We have some wonderful furiends at Zoolatry who create beautiful monthly tributes to those who have crossed the Rainbow Bridge. We wanted to share the tributes for our Angel Tribe members Tucker and his sister Jasmine. We sure do miss them!
If you click on the photo it will take you to their memorial page
I am writing this post from the depths of the rawness of recent grief. My beloved Jasmine followed her brother Tucker across the Rainbow Bridge three days ago. Tucker and Jasmine were in my life for 17 years but no matter how many years we have with them, we still want more.
As I suffered through the loss of Tucker in February someone asked me how old he was. When I said 17 the person said, “Well, at 17 he had a good run.” I don’t believe this comment was made to hurt me but it did. This is not the first time someone has dismissed or belittled the grief I’ve suffered at the loss of a fur kid.

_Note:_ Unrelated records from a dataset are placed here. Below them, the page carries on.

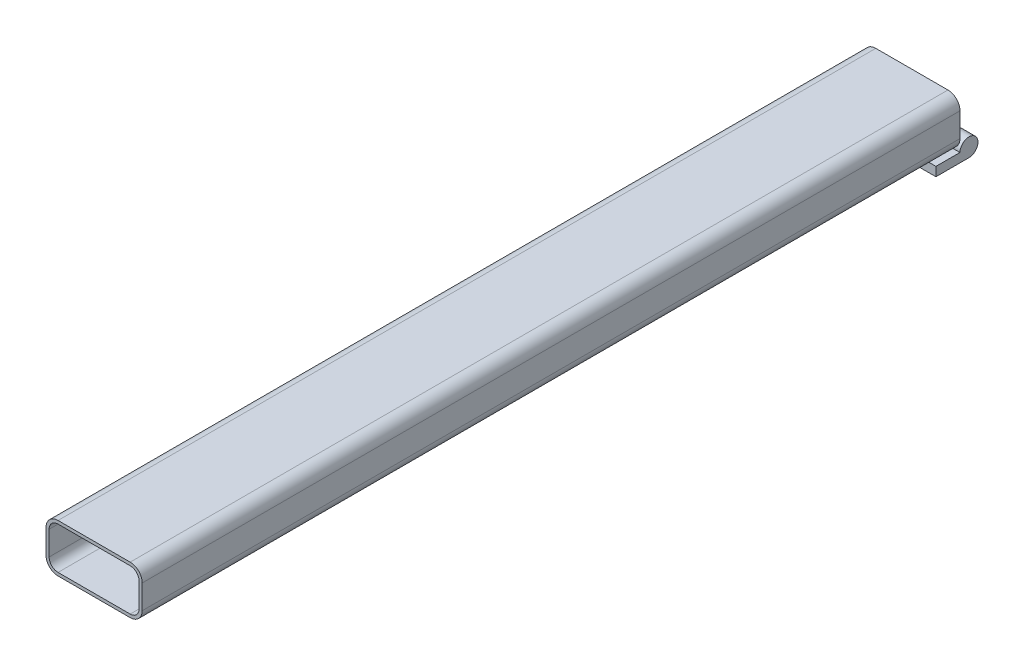
ISO-10303-21;
HEADER;
FILE_DESCRIPTION(('STEP AP214'),'2;1');
FILE_NAME('part.step','',(''),(''),'','','');
FILE_SCHEMA(('AUTOMOTIVE_DESIGN { 1 0 10303 214 1 1 1 1 }'));
ENDSEC;
DATA;
#1=APPLICATION_CONTEXT('core data for automotive mechanical design processes');
#2=APPLICATION_PROTOCOL_DEFINITION('international standard','automotive_design',2000,#1);
#3=PRODUCT_CONTEXT('',#1,'mechanical');
#4=PRODUCT('Part','Part','',(#3));
#5=PRODUCT_RELATED_PRODUCT_CATEGORY('part','',(#4));
#6=PRODUCT_DEFINITION_FORMATION('','',#4);
#7=PRODUCT_DEFINITION_CONTEXT('part definition',#1,'design');
#8=PRODUCT_DEFINITION('design','',#6,#7);
#9=PRODUCT_DEFINITION_SHAPE('','',#8);
#10=(LENGTH_UNIT() NAMED_UNIT(*) SI_UNIT(.MILLI.,.METRE.));
#11=(NAMED_UNIT(*) PLANE_ANGLE_UNIT() SI_UNIT($,.RADIAN.));
#12=(NAMED_UNIT(*) SI_UNIT($,.STERADIAN.) SOLID_ANGLE_UNIT());
#13=UNCERTAINTY_MEASURE_WITH_UNIT(LENGTH_MEASURE(1.E-05),#10,'distance_accuracy_value','');
#14=(GEOMETRIC_REPRESENTATION_CONTEXT(3) GLOBAL_UNCERTAINTY_ASSIGNED_CONTEXT((#13)) GLOBAL_UNIT_ASSIGNED_CONTEXT((#10,
#11,#12)) REPRESENTATION_CONTEXT('',''));
#15=CARTESIAN_POINT('',(0.,0.,0.));
#16=DIRECTION('',(0.,0.,1.));
#17=DIRECTION('',(1.,0.,0.));
#18=AXIS2_PLACEMENT_3D('',#15,#16,#17);
#19=CARTESIAN_POINT('',(-25.4,-12.7,-220.6625));
#20=DIRECTION('',(1.,0.,0.));
#21=DIRECTION('',(0.,0.,-1.));
#22=AXIS2_PLACEMENT_3D('',#19,#20,#21);
#23=CYLINDRICAL_SURFACE('',#22,4.7625);
#24=CARTESIAN_POINT('',(-9.525,-12.7,-220.6625));
#25=DIRECTION('',(-1.,0.,0.));
#26=DIRECTION('',(0.,0.,1.));
#27=AXIS2_PLACEMENT_3D('',#24,#25,#26);
#28=CIRCLE('',#27,4.7625);
#29=CARTESIAN_POINT('',(-9.52499999999999,-17.4625000000001,-220.6625));
#30=VERTEX_POINT('',#29);
#31=CARTESIAN_POINT('',(-9.525,-12.7,-215.9));
#32=VERTEX_POINT('',#31);
#33=EDGE_CURVE('E218',#30,#32,#28,.F.);
#34=ORIENTED_EDGE('',*,*,#33,.F.);
#35=DIRECTION('',(1.,0.,0.));
#36=VECTOR('',#35,1.);
#37=CARTESIAN_POINT('',(-25.4,-17.4625,-220.6625));
#38=LINE('',#37,#36);
#39=CARTESIAN_POINT('',(-25.4,-17.4625,-220.6625));
#40=VERTEX_POINT('',#39);
#41=EDGE_CURVE('E250',#40,#30,#38,.T.);
#42=ORIENTED_EDGE('',*,*,#41,.F.);
#43=CARTESIAN_POINT('',(-25.4,-12.7,-220.6625));
#44=DIRECTION('',(1.,0.,0.));
#45=DIRECTION('',(0.,0.,-1.));
#46=AXIS2_PLACEMENT_3D('',#43,#44,#45);
#47=CIRCLE('',#46,4.7625);
#48=CARTESIAN_POINT('',(-25.4,-12.7,-215.9));
#49=VERTEX_POINT('',#48);
#50=EDGE_CURVE('E231',#40,#49,#47,.T.);
#51=ORIENTED_EDGE('',*,*,#50,.T.);
#52=DIRECTION('',(1.,0.,0.));
#53=VECTOR('',#52,1.);
#54=CARTESIAN_POINT('',(-25.4,-12.7,-215.9));
#55=LINE('',#54,#53);
#56=CARTESIAN_POINT('',(-19.05,-12.7,-215.9));
#57=VERTEX_POINT('',#56);
#58=EDGE_CURVE('E245',#49,#57,#55,.T.);
#59=ORIENTED_EDGE('',*,*,#58,.T.);
#60=DIRECTION('',(1.,0.,0.));
#61=VECTOR('',#60,1.);
#62=CARTESIAN_POINT('',(-19.05,-12.7,-215.9));
#63=LINE('',#62,#61);
#64=EDGE_CURVE('E338',#57,#32,#63,.T.);
#65=ORIENTED_EDGE('',*,*,#64,.T.);
#66=EDGE_LOOP('',(#34,#42,#51,#59,#65));
#67=FACE_BOUND('',#66,.T.);
#68=ADVANCED_FACE('F32',(#67),#23,.T.);
#69=CARTESIAN_POINT('',(-19.05,-6.35,215.9));
#70=DIRECTION('',(0.,0.,-1.));
#71=DIRECTION('',(-1.,0.,0.));
#72=AXIS2_PLACEMENT_3D('',#69,#70,#71);
#73=PLANE('',#72);
#74=CARTESIAN_POINT('',(-19.05,-6.35,215.9));
#75=DIRECTION('',(0.,0.,1.));
#76=DIRECTION('',(-1.,0.,0.));
#77=AXIS2_PLACEMENT_3D('',#74,#75,#76);
#78=CIRCLE('',#77,6.35);
#79=CARTESIAN_POINT('',(-25.4,-6.35,215.9));
#80=VERTEX_POINT('',#79);
#81=CARTESIAN_POINT('',(-19.05,-12.7,215.9));
#82=VERTEX_POINT('',#81);
#83=EDGE_CURVE('E317',#80,#82,#78,.T.);
#84=ORIENTED_EDGE('',*,*,#83,.T.);
#85=DIRECTION('',(1.,0.,0.));
#86=VECTOR('',#85,1.);
#87=CARTESIAN_POINT('',(-19.05,-12.7,215.9));
#88=LINE('',#87,#86);
#89=CARTESIAN_POINT('',(19.05,-12.7,215.9));
#90=VERTEX_POINT('',#89);
#91=EDGE_CURVE('E320',#82,#90,#88,.T.);
#92=ORIENTED_EDGE('',*,*,#91,.T.);
#93=CARTESIAN_POINT('',(19.05,-6.35,215.9));
#94=DIRECTION('',(0.,0.,1.));
#95=DIRECTION('',(1.,0.,0.));
#96=AXIS2_PLACEMENT_3D('',#93,#94,#95);
#97=CIRCLE('',#96,6.35);
#98=CARTESIAN_POINT('',(25.4,-6.35,215.9));
#99=VERTEX_POINT('',#98);
#100=EDGE_CURVE('E323',#90,#99,#97,.T.);
#101=ORIENTED_EDGE('',*,*,#100,.T.);
#102=DIRECTION('',(0.,1.,0.));
#103=VECTOR('',#102,1.);
#104=CARTESIAN_POINT('',(25.4,-6.35,215.9));
#105=LINE('',#104,#103);
#106=CARTESIAN_POINT('',(25.4,6.35,215.9));
#107=VERTEX_POINT('',#106);
#108=EDGE_CURVE('E325',#99,#107,#105,.T.);
#109=ORIENTED_EDGE('',*,*,#108,.T.);
#110=CARTESIAN_POINT('',(19.05,6.35,215.9));
#111=DIRECTION('',(0.,0.,1.));
#112=DIRECTION('',(-1.,0.,0.));
#113=AXIS2_PLACEMENT_3D('',#110,#111,#112);
#114=CIRCLE('',#113,6.35);
#115=CARTESIAN_POINT('',(19.05,12.7,215.9));
#116=VERTEX_POINT('',#115);
#117=EDGE_CURVE('E327',#107,#116,#114,.T.);
#118=ORIENTED_EDGE('',*,*,#117,.T.);
#119=DIRECTION('',(-1.,0.,0.));
#120=VECTOR('',#119,1.);
#121=CARTESIAN_POINT('',(-19.05,12.7,215.9));
#122=LINE('',#121,#120);
#123=CARTESIAN_POINT('',(-19.05,12.7,215.9));
#124=VERTEX_POINT('',#123);
#125=EDGE_CURVE('E329',#116,#124,#122,.T.);
#126=ORIENTED_EDGE('',*,*,#125,.T.);
#127=CARTESIAN_POINT('',(-19.05,6.35,215.9));
#128=DIRECTION('',(0.,0.,1.));
#129=DIRECTION('',(-1.,0.,0.));
#130=AXIS2_PLACEMENT_3D('',#127,#128,#129);
#131=CIRCLE('',#130,6.35);
#132=CARTESIAN_POINT('',(-25.4,6.35,215.9));
#133=VERTEX_POINT('',#132);
#134=EDGE_CURVE('E331',#124,#133,#131,.T.);
#135=ORIENTED_EDGE('',*,*,#134,.T.);
#136=DIRECTION('',(0.,-1.,0.));
#137=VECTOR('',#136,1.);
#138=CARTESIAN_POINT('',(-25.4,-6.35,215.9));
#139=LINE('',#138,#137);
#140=EDGE_CURVE('E333',#133,#80,#139,.T.);
#141=ORIENTED_EDGE('',*,*,#140,.T.);
#142=EDGE_LOOP('',(#84,#92,#101,#109,#118,#126,#135,#141));
#143=FACE_BOUND('',#142,.T.);
#144=CARTESIAN_POINT('',(-19.05,6.35,215.9));
#145=DIRECTION('',(0.,0.,1.));
#146=DIRECTION('',(-1.,0.,0.));
#147=AXIS2_PLACEMENT_3D('',#144,#145,#146);
#148=CIRCLE('',#147,4.699);
#149=CARTESIAN_POINT('',(-19.05,11.049,215.9));
#150=VERTEX_POINT('',#149);
#151=CARTESIAN_POINT('',(-23.749,6.35,215.9));
#152=VERTEX_POINT('',#151);
#153=EDGE_CURVE('E261',#150,#152,#148,.T.);
#154=ORIENTED_EDGE('',*,*,#153,.F.);
#155=DIRECTION('',(-1.,0.,0.));
#156=VECTOR('',#155,1.);
#157=CARTESIAN_POINT('',(-19.05,11.049,215.9));
#158=LINE('',#157,#156);
#159=CARTESIAN_POINT('',(19.05,11.049,215.9));
#160=VERTEX_POINT('',#159);
#161=EDGE_CURVE('E276',#160,#150,#158,.T.);
#162=ORIENTED_EDGE('',*,*,#161,.F.);
#163=CARTESIAN_POINT('',(19.05,6.35,215.9));
#164=DIRECTION('',(0.,0.,1.));
#165=DIRECTION('',(-1.,0.,0.));
#166=AXIS2_PLACEMENT_3D('',#163,#164,#165);
#167=CIRCLE('',#166,4.699);
#168=CARTESIAN_POINT('',(23.749,6.35,215.9));
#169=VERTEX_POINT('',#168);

It was Tucker’s loss that prompted me to enroll in a certificate course for pet bereavement counseling. I had no idea I would be grieving his sister only four months later and that I would become my own bereavement counselor.
I am learning that each loss is unique and grief takes many forms. The circumstances of the loss of our cats vary, sometimes we have to make the decision to help them over the Rainbow Bridge, and other times that decision is taken out of our hands when our felines pass away suddenly or, we may never have closure as they just disappear.
Grief isn’t logical
Loss is always traumatic but when the loss is sudden or unexpected it can affect us very deeply and for an extended period of time.
This was the case with my beloved coal black, green-eyed mellow tempered and loving Buster. Buster never insisted on anything. He always expressed pleasure at every petting he received, every treat he was offered and every stroll around the back yard. We shared twelve wonderful years together until the evening we were sitting together in the downstairs TV room. He woke from his nap with a scream, had a seizure and died. It was 11:00pm and there was nothing I could do until the next morning. I wrapped him lovingly in a blanket, placed him in a carrier and put him in my car in the garage. My logical mind said, “He’s gone.” My heart and emotions said, “What if you’re wrong?” I worried that it had all been a horrible mistake and that he’d be sitting up in the box wondering why he was in the car. I went out to the garage several times during the night to check on him.
Buster’s ashes were spread in the beautiful memorial rose garden behind my veterinary clinic. I couldn’t bring myself to visit that garden. I moved along in life, shedding tears when I found a favorite toy of his, looked at photographs and when the tape of the moment of his death ran in my head. I believed that time would heal my broken heart and I soldiered on.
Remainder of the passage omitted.